# Mejia - el fin del Ferrocarril



## Chris_ALOR (Aug 10, 2007)

Buenas tomas Uomo.. kay: siempre me gustaron aunque mis preferidos siguen siendo las casas triangulares que están detrás de la carretera.


----------



## JmC3dmodelator (Mar 24, 2008)

Que hermosas fotos, deberìas hacer un thread en el foro latinoamericano.


----------



## EFVF (Apr 17, 2008)

impresionante, debo darme un salto por Mejia


----------



## uomo_111 (Oct 30, 2007)

*Gracias Chris el casco historico è lo mas interesante* :cheers:




Chris_ALOR said:


> Buenas tomas Uomo.. kay: siempre me gustaron aunque mis preferidos siguen siendo las casas triangulares que están detrás de la carretera.



*gracias* 



EFVF said:


> impresionante, debo darme un salto por Mejia





JmC3dmodelator said:


> Que hermosas fotos, deberìas hacer un thread en el foro latinoamericano.


----------



## uomo_111 (Oct 30, 2007)

*bueh algo mas del pueblo tradicional ^^*


----------



## EFVF (Apr 17, 2008)

^^ me gusta la segunda foto


----------



## Victor23peru (Jul 19, 2008)

MEJIA PONE! ^^


----------



## RapperSchool (Oct 16, 2010)

Tienen un parecido a las casas de Puerto Eten^^


----------



## uomo_111 (Oct 30, 2007)

*mas casas de playa!*


----------



## EFVF (Apr 17, 2008)

espectaculares paisajes


----------



## AQPCITY (Sep 13, 2007)

bien mantenidas algunas casas, a pesar que solo son usadas un mes al año en promedio..


----------



## RoVi (Jan 27, 2008)

Muy bello Mejia y gracias por las fotos


----------



## Victor23peru (Jul 19, 2008)

bravazas las pics ^^


----------



## uomo_111 (Oct 30, 2007)

*2 + para pasar la pagina*


----------



## Jesuco (Feb 4, 2009)

buenas fotos de Mejia! sus casas antiguas las conservan bién ejemplo a seguir en los dmas balnearios


----------



## tacall (Sep 10, 2007)

Todas las casas lucen muy bien conservadas!


----------



## jacaro (Nov 29, 2010)

protector88 said:


> Oregon no es un estado sureño, es mas bien un estado del noroeste.





uomo_111 said:


> *MEJIA​*
> 
> 
> 
> ...


Durante el verano de 2011, mi esposa y yo visitamos la hermosa costa de Oregon, la cual posee muchos pueblos y puertos, lamento decirte que el estilo arquitectónico de las primeras edificaciones en Mejia distan mucho del tipo de arquitectura de estos lares. Astoria, OR es quizá uno de los puertos mas antiguos en Oregon y del noroeste americano y no encuentro similitud con tu descripción. Visitamos realmente numerosos lugares. Si encuentro similitud con los puertos y pueblos sureños Chilenos, Región de los Lagos. La arquitectura de la época empleaba mucha madera como materia prima, el sur de Chile puede haber sido un mejor proveedor de este recurso dado su cercanía al sur del Perú y a la ventaja del transporte marítimo a través del Pacifico que durante fines del s xviii y principios del s xix era el medio de transporte mas usado. Mejia es un pueblo playero muy lindo, cuidado y limpio. Saludos compatriota!


----------



## al_7heaven (Nov 19, 2007)

...la arquitectura no era la del estado de Oregon, de esa región es *el tipo de madera que usaron: Pino Oregon*, y fue traido desde allá, no del sur de Chile que estaba casi deshabitado en esa época...
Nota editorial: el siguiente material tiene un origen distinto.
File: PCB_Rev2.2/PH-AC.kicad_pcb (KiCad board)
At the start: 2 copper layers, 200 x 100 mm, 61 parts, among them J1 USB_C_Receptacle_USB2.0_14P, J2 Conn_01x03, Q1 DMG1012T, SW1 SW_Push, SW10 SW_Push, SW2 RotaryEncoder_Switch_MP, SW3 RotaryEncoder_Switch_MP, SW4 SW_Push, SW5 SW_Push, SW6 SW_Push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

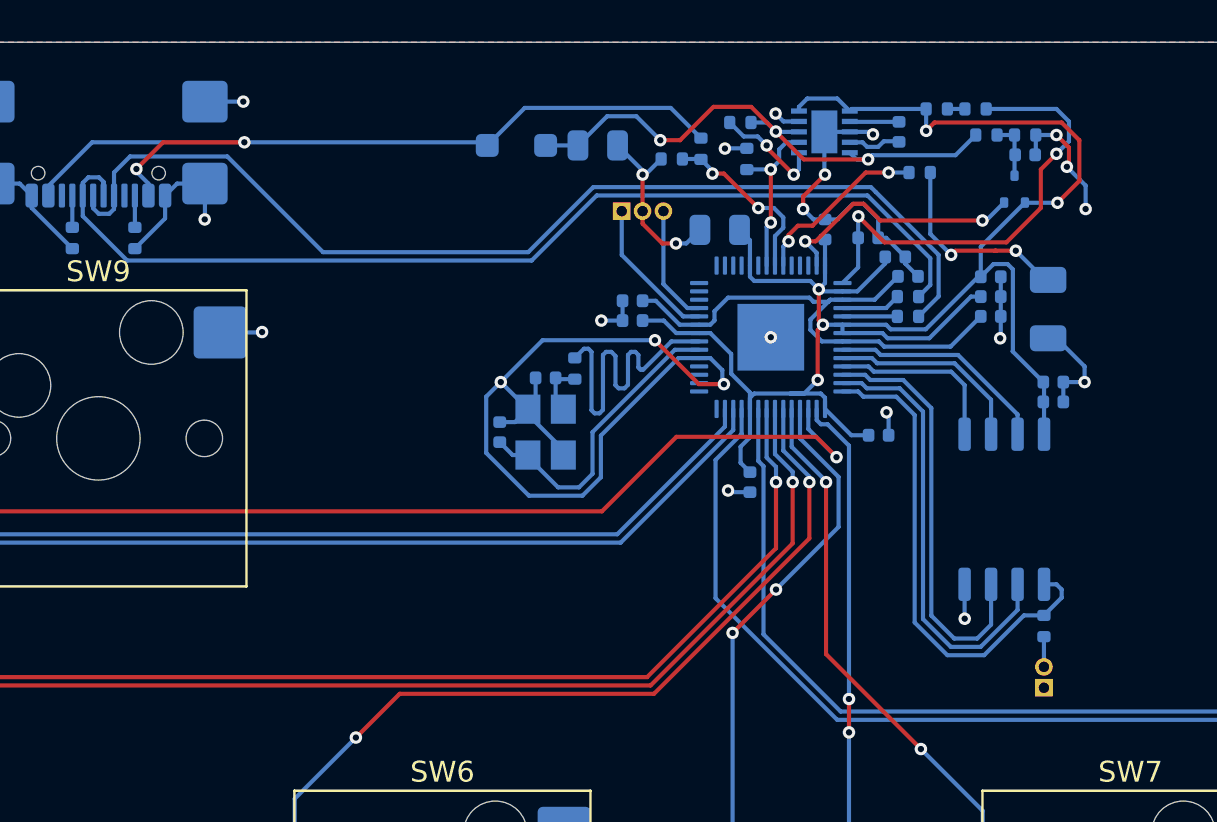
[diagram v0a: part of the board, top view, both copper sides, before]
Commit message: LDO Modification
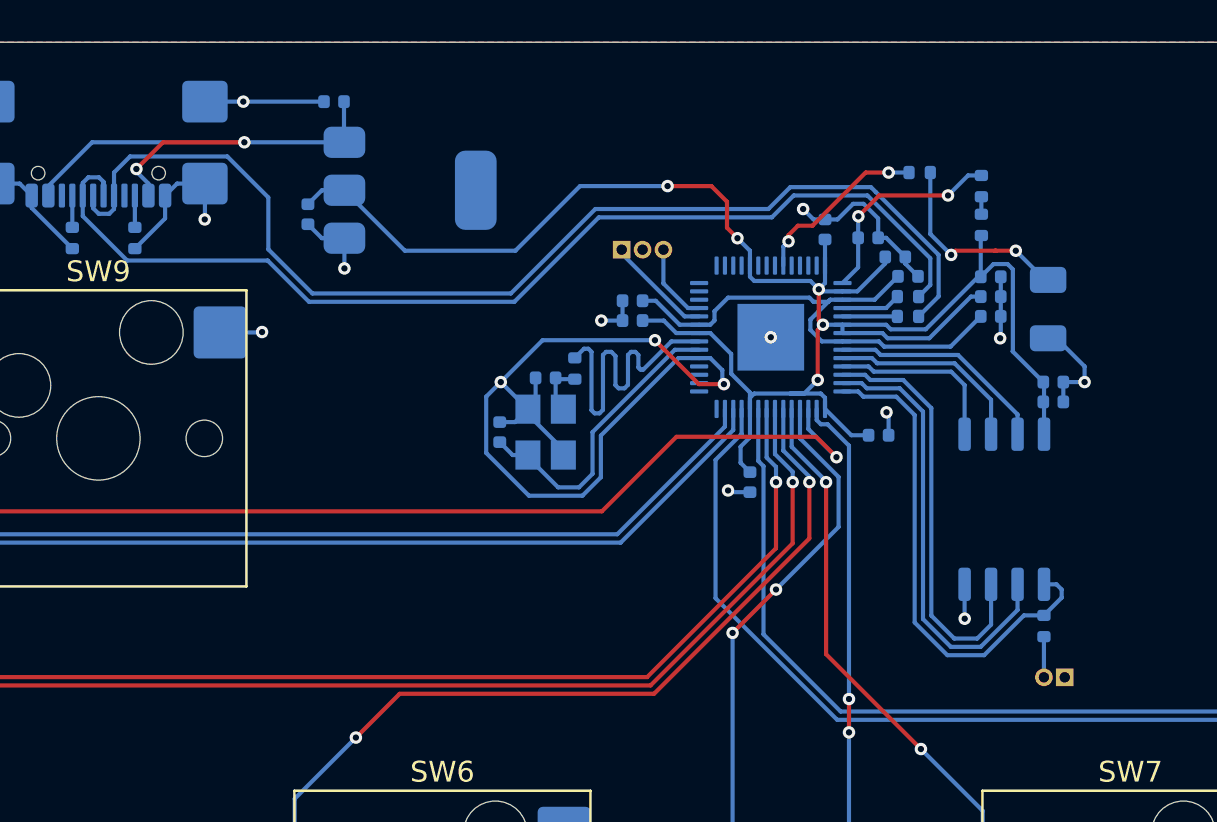
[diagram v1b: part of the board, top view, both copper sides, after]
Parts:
- removed C16: 1n, Capacitor_SMD:C_0402_1005Metric
- removed D1: MBR120VLSFT1G, Diode_SMD:D_SOD-123F
- removed L1: 2u2, Capacitor_SMD:C_0402_1005Metric
- removed Q1: DMG1012T, Package_TO_SOT_SMD:SOT-523
- removed R10, R11: R, Resistor_SMD:R_0402_1005Metric
- removed R5: 5K6, Resistor_SMD:R_0402_1005Metric
- removed R6: 10K, Resistor_SMD:R_0402_1005Metric
- removed R7, R8: 100K, Resistor_SMD:R_0402_1005Metric
- C12, C13: value 47u -> 10u; footprint Capacitor_SMD:C_0805_2012Metric -> Capacitor_SMD:C_0402_1005Metric
- U2: value RT6150B-33GQW -> NCP1117-3.3_SOT223; footprint footprints:10-WFDFN-EP_RIT -> Package_TO_SOT_SMD:SOT-223
- moved U2 20.1 mm to (182.4, 60.1), turned to 0 degrees
- moved C13 19.8 mm to (177.6, 61.2), turned to -90 degrees
- moved C12 12.8 mm to (178.8, 55.9), turned to 180 degrees
- moved R2 5.96 mm to (209.8, 61.8), turned to 90 degrees
- moved R1 3.71 mm to (209.8, 59.9), turned to 90 degrees
- moved J2 1.85 mm to (192.6, 63.0)
- moved SW1 1.12 mm to (213.8, 83.5), turned to 90 degrees
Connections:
- C12 pad 1: /VSYS -> VBUS
- U1 pad 35: /GPIO23 -> unconnected-(U1-GPIO23-Pad35)
- U1 pad 36: /GPIO24 -> unconnected-(U1-GPIO24-Pad36)
- U1 pad 41: /GPIO29_ADC3 -> unconnected-(U1-GPIO29_ADC3-Pad41)
- U2 pad 1: +3V3 -> GND
- U2 pad 2: Net-(U2-LX2) -> +3V3
- U2 pad 3: GND -> VBUS
- U2 pad 4: Net-(U2-LX1) -> (no net)
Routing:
- net /VSYS: track 27.4 -> 0.00 mm, vias 3 -> 0
- net GND: track 120.1 -> 103.5 mm, vias 31 -> 23
- net VBUS: track 41.3 -> 24.7 mm
- net /GPIO29_ADC3: track 12.4 -> 0.00 mm, vias 2 -> 0
- net Net-(U1-ADC_AVDD): track 22.4 -> 10.2 mm
- net /GPIO24: track 8.55 -> 0.00 mm, vias 2 -> 0
- net /GPIO23: track 8.07 -> 0.00 mm, vias 2 -> 0
- net Net-(U2-EN): track 5.32 -> 0.00 mm, vias 2 -> 0
- net /USB_DP: track 51.3 -> 54.4 mm
- net Net-(Q1-D): track 2.79 -> 0.00 mm
- net Net-(U2-LX1): track 2.58 -> 0.00 mm
- net Net-(U2-LX2): track 2.37 -> 0.00 mm
- net Net-(J2-Pin_1): track 7.04 -> 5.15 mm
- net Net-(J2-Pin_3): track 5.69 -> 3.82 mm
- net +3V3: track 89.7 -> 91.4 mm
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
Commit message: Detail Update
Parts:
- J2: footprint Connector_PinHeader_1.00mm:PinHeader_1x03_P1.00mm_Vertical -> Connector_PinHeader_2.54mm:PinHeader_1x03_P2.54mm_Vertical
- SW1: footprint Connector_PinHeader_1.00mm:PinHeader_1x02_P1.00mm_Vertical -> Button_Switch_THT:SW_PUSH_6mm
- moved J2 13.6 mm to (183.0, 72.7), turned to 90 degrees
- moved C1 11.1 mm to (199.3, 62.1)
- moved SW1 7.78 mm to (221.4, 81.6)
- moved R9 0.40 mm to (212.4, 81.0)
- moved R1 0.31 mm to (209.9, 59.6)
- moved R2 0.31 mm to (209.9, 61.5)
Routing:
- net Net-(J2-Pin_3): track 3.82 -> 22.3 mm
- net Net-(J2-Pin_1): track 5.15 -> 17.4 mm
- net Net-(R9-Pad1): track 1.95 -> 11.0 mm
- net +3V3: track 91.4 -> 86.9 mm
- net GND: track 103.5 -> 106.7 mm, vias 23 -> 24
- net Net-(D2-A): track 9.78 -> 8.72 mm
- net /USB_DP: track 54.4 -> 55.2 mm
- net /USB_DM: track 51.8 -> 52.7 mm
- net /QSPI_SS: track 24.1 -> 23.3 mm
- net /QSPI_SD2: track 20.4 -> 21.0 mm
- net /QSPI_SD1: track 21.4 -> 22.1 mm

...la arquitectura es un legado de los británicos que en esa época inviertieron en diferentes sectores en la economía de esta región, y por ello las construcciones están hechas a su propio estilo...


----------



## EFVF (Apr 17, 2008)

nuevamente buenas fotos uomo


----------



## Inkandrew9 (Jul 11, 2007)

Me gusta la mayoría de fotos de este thread, muy bonita Mejía. 

=D


----------